L’Institut pour la Justice s’est dit indigné par la libération, dans l’attente de son procès, de l’auteur présumé du meurtre du jeune Thomas Laché (17 ans). En ligne de mire, les délais butoirs qui privent les juges de leur pouvoir d’appréciation sur la remise en liberté ou non de criminels placés en détention provisoire.
En matière judiciaire, les dysfonctionnements se suivent et se ressemblent. Hier, la Justice a été contrainte de remettre en liberté le meurtrier présumé de Thomas Laché, 17 ans, deux ans jour pour jour après les faits. Simplement parce que la loi prévoit que la détention provisoire ne peut pas dépasser deux ans pour les mineurs.
En 2005, un autre meurtrier présumé (mais condamné par la suite) avait bénéficié des mêmes dispositions légales. Lui avait participé à l’enlèvement et au meurtre sauvage d’un jeune couple brestois pour quelques centaines d’euros. L’ironie de l’histoire est que le ministre de l’Intérieur de l’époque, un certain Nicolas Sarkozy, avait estimé « qu’il faudrait se poser la question des délais en matière de détention provisoire » car, avait-il dit, « s’il est indispensable de respecter la présomption d’innocence, il faut également penser aux victimes et faire en sorte qu’elles aient autant de droits que les criminels ».
Sept ans après, rien n’a changé dans ce domaine, et les libérations anticipées pour dépassement des délais se sont succédées à un rythme soutenu.
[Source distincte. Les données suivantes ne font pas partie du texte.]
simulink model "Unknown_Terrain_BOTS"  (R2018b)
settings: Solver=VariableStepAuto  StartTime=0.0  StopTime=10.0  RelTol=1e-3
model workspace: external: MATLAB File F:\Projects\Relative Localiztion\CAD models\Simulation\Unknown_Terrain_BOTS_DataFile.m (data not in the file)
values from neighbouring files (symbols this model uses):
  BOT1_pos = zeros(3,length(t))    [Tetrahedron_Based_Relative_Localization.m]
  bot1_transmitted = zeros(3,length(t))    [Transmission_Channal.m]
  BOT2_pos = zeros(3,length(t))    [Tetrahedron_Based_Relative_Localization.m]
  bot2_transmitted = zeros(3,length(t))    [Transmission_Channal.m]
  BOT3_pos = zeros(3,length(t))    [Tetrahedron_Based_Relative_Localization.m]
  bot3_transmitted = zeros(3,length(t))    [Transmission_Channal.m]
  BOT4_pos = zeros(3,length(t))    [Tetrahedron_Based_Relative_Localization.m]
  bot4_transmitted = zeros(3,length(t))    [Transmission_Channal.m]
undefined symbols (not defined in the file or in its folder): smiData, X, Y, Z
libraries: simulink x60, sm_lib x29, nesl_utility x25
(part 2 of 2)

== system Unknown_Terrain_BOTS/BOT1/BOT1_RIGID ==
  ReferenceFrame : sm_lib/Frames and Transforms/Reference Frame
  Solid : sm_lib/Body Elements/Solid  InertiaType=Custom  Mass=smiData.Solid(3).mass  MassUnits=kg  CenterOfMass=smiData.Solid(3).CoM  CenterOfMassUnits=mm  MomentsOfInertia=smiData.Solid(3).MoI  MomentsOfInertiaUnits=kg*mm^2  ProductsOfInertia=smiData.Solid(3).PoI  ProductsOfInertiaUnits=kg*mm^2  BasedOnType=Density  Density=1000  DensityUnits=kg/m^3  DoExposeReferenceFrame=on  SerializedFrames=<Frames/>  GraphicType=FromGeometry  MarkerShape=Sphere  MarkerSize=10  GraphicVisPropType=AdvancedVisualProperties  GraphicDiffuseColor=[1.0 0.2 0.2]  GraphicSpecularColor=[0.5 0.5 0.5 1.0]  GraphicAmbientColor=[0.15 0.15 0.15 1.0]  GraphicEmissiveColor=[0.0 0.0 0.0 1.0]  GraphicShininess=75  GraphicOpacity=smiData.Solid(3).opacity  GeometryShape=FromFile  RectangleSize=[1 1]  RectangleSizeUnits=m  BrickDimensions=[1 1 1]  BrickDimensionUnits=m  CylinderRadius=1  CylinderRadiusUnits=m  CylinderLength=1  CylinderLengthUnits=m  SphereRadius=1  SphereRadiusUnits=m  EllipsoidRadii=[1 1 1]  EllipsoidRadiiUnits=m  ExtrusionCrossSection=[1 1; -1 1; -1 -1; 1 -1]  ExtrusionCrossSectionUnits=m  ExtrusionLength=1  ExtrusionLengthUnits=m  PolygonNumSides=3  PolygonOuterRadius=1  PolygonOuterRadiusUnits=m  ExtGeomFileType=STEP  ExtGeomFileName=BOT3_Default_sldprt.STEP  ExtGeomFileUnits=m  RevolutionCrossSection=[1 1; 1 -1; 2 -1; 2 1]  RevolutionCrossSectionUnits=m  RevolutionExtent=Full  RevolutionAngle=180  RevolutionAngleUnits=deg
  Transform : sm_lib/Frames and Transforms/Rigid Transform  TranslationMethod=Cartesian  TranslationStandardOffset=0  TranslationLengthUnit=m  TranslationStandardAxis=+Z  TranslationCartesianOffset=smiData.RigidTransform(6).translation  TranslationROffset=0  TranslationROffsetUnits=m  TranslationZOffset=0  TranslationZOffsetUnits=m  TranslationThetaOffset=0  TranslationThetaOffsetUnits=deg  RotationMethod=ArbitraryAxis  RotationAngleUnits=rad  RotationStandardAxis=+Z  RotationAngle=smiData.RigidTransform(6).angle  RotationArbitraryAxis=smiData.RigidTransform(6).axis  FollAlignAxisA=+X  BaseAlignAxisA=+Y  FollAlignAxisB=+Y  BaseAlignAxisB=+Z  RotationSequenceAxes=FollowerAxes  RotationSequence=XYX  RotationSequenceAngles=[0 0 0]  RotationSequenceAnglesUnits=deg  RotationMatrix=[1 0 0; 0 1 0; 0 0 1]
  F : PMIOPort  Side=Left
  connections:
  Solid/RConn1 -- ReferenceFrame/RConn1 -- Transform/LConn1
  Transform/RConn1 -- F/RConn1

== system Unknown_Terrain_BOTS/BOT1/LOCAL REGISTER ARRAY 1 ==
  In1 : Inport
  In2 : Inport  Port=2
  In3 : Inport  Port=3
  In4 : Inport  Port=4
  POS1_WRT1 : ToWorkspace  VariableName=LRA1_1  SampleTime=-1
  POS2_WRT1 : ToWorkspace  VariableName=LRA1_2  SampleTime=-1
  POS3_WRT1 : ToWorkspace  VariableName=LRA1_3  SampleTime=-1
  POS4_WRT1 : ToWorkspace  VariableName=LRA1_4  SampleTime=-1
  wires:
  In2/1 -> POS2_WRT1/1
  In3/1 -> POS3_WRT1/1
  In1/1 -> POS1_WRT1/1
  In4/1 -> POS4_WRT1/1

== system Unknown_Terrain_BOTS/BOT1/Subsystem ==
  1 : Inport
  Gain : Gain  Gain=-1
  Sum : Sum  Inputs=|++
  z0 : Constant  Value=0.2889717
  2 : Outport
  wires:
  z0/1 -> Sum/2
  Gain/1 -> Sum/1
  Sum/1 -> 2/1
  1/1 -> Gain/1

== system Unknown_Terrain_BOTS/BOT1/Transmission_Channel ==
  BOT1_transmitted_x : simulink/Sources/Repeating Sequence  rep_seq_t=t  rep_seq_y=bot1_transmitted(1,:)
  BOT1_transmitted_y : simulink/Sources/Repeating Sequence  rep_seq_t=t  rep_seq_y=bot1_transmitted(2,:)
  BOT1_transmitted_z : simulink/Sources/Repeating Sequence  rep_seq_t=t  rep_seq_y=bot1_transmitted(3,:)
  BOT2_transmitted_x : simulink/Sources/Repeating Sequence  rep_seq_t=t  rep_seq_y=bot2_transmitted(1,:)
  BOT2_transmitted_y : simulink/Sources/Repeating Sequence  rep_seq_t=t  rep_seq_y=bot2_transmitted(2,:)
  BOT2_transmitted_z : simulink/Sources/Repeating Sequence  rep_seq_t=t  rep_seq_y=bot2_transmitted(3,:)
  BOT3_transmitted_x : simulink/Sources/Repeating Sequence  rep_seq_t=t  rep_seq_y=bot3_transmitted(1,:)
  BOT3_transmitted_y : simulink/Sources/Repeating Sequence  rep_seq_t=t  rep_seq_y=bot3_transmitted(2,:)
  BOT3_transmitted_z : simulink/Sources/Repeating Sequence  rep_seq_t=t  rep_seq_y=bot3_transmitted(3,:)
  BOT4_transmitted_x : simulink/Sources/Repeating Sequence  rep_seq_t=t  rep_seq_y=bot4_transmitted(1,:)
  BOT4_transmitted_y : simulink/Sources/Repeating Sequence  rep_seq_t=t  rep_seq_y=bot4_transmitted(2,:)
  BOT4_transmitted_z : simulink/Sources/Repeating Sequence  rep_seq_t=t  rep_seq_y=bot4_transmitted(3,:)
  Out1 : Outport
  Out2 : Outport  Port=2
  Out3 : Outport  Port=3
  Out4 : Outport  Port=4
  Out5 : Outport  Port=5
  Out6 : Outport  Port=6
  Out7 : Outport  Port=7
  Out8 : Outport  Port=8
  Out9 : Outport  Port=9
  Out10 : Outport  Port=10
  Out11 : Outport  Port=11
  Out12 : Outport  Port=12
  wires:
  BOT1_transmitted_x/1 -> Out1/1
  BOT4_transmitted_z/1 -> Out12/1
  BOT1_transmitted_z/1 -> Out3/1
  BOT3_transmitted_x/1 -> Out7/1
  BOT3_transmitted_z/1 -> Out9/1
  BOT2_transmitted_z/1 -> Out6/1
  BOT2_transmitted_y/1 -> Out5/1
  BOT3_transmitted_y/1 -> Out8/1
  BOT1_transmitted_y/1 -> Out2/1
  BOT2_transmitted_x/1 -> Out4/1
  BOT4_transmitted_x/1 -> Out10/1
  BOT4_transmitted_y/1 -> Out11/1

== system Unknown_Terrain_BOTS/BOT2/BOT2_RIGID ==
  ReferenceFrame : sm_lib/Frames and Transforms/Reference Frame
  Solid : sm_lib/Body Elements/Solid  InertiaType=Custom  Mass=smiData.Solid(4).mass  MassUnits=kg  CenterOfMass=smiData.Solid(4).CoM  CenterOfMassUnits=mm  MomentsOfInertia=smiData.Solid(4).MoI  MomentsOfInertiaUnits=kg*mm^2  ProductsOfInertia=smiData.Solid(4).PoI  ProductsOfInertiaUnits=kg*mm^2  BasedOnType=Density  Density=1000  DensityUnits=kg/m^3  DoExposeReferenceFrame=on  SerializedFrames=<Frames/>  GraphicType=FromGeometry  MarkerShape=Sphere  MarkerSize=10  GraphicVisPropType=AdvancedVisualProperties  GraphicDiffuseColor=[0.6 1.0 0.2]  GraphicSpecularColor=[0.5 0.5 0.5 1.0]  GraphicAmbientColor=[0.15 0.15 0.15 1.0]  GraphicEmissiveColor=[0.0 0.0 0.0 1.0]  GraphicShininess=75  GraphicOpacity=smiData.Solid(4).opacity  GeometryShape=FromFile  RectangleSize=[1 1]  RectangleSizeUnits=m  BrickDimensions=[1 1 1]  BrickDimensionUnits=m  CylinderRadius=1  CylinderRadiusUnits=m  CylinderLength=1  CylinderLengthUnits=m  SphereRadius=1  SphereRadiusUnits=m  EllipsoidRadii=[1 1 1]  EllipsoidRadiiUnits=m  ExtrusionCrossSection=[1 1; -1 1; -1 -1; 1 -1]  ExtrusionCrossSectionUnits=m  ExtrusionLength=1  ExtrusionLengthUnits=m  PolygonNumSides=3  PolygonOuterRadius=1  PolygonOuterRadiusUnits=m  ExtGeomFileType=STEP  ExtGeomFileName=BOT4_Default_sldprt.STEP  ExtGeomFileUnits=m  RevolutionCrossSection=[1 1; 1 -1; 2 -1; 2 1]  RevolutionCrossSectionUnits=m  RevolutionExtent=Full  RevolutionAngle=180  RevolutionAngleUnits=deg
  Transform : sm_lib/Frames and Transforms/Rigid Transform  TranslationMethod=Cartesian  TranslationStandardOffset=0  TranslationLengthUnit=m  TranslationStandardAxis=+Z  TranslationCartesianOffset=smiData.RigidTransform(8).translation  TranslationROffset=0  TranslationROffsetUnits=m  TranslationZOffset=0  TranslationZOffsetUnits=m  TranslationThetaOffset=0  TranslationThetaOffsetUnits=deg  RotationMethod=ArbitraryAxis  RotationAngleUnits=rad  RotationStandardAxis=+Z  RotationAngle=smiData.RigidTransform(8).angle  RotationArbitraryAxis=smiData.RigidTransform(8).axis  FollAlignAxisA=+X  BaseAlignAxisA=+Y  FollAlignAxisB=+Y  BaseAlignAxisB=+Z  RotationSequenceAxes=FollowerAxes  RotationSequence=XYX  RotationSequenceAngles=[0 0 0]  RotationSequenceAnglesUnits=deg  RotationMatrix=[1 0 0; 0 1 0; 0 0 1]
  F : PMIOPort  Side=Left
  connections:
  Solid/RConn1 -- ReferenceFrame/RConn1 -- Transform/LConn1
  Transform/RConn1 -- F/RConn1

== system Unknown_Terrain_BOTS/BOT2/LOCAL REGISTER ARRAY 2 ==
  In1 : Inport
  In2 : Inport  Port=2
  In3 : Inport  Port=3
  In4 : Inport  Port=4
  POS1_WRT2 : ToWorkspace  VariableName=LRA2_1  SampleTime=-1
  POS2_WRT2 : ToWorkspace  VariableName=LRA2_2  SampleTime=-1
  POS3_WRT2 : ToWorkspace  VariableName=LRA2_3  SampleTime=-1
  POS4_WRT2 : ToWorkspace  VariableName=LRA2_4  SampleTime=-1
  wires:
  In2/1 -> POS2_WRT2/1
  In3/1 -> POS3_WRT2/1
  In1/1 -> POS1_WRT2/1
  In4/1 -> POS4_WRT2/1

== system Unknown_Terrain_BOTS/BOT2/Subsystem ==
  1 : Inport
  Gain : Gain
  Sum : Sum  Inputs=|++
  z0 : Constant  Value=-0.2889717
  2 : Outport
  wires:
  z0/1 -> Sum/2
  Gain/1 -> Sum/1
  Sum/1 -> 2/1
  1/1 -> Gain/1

Pourtant, les arguments contre ces délais butoirs ne manquent pas. Initialement introduits dans l’espoir d’inciter l’appareil judiciaire à traiter plus rapidement les affaires, ils n’ont manifestement pas atteint ce but.

 

En réalité, ces délais font reposer sur les victimes tout le fardeau des lenteurs de la Justice. Personne, à moins de l’avoir vécu, ne peut imaginer la souffrance que provoque chez une famille de victime la perspective de voir l’assassin de leur enfant regagner sa liberté pour des raisons arbitraires, même temporairement.
Les conséquences de ce type de libération poursuivent d’ailleurs les victimes jusqu’à l’audience. Car l’accusé comparaît alors libre : il arrive libre le matin au tribunal, entre par la même entrée que la famille de la victime, prend une boisson à la même machine à café, et rentre le soir chez lui ou à son hôtel. Car il faut savoir que, dans la plupart des tribunaux, aucune salle n’est aménagée pour les familles de victimes, malgré l’épreuve que constitue pour elles un procès d’assises.

 

Les délais butoirs représentent aussi un danger non négligeable pour la sécurité des citoyens. Il est toujours risqué de devoir remettre inconditionnellement en liberté un individu accusé d’un meurtre, y compris s’il est considéré comme extrêmement dangereux. Dans le cas du tueur présumé libéré hier, son comportement en détention ne permet pas d’être totalement serein quant à la façon dont il usera de sa liberté, lui qui a connu pas moins de 11 conseils de disciplines en deux ans.
On pourrait aussi attendre des juges eux-mêmes qu’ils s’élèvent contre ces dispositions « automatiques » qui leur lient les mains. Les syndicats de magistrats contestent régulièrement les peines plancher pour les récidivistes, au motif qu’elles réduisent leur marge de manœuvre dans le quantum de la peine prononcée. Mais le pouvoir d’appréciation des magistrats ne vaut-il pas d’être défendu avec davantage de pugnacité quand il s’agit de décisions conduisant à remettre ou non en liberté des criminels potentiellement dangereux ?

 

De façon plus générale, ces délais butoirs sont symptomatiques d’un système juridique qui arbitre le plus souvent en faveur des mis en cause et au détriment des victimes. C’est le cas également des vices de procédure : lorsqu’un juge oublie de respecter certains délais de procédure, l’erreur conduit immanquablement à la remise en liberté du mis en cause s’il est en détention provisoire. Ne pourrait-on pas imaginer d’autres moyens de sanctionner les manquements aux règles procédurales ?
La victime n’est pas responsable de la lenteur de la Justice, ni des erreurs matérielles de ses agents. Pourquoi serait-elle la seule à en subir les conséquences ?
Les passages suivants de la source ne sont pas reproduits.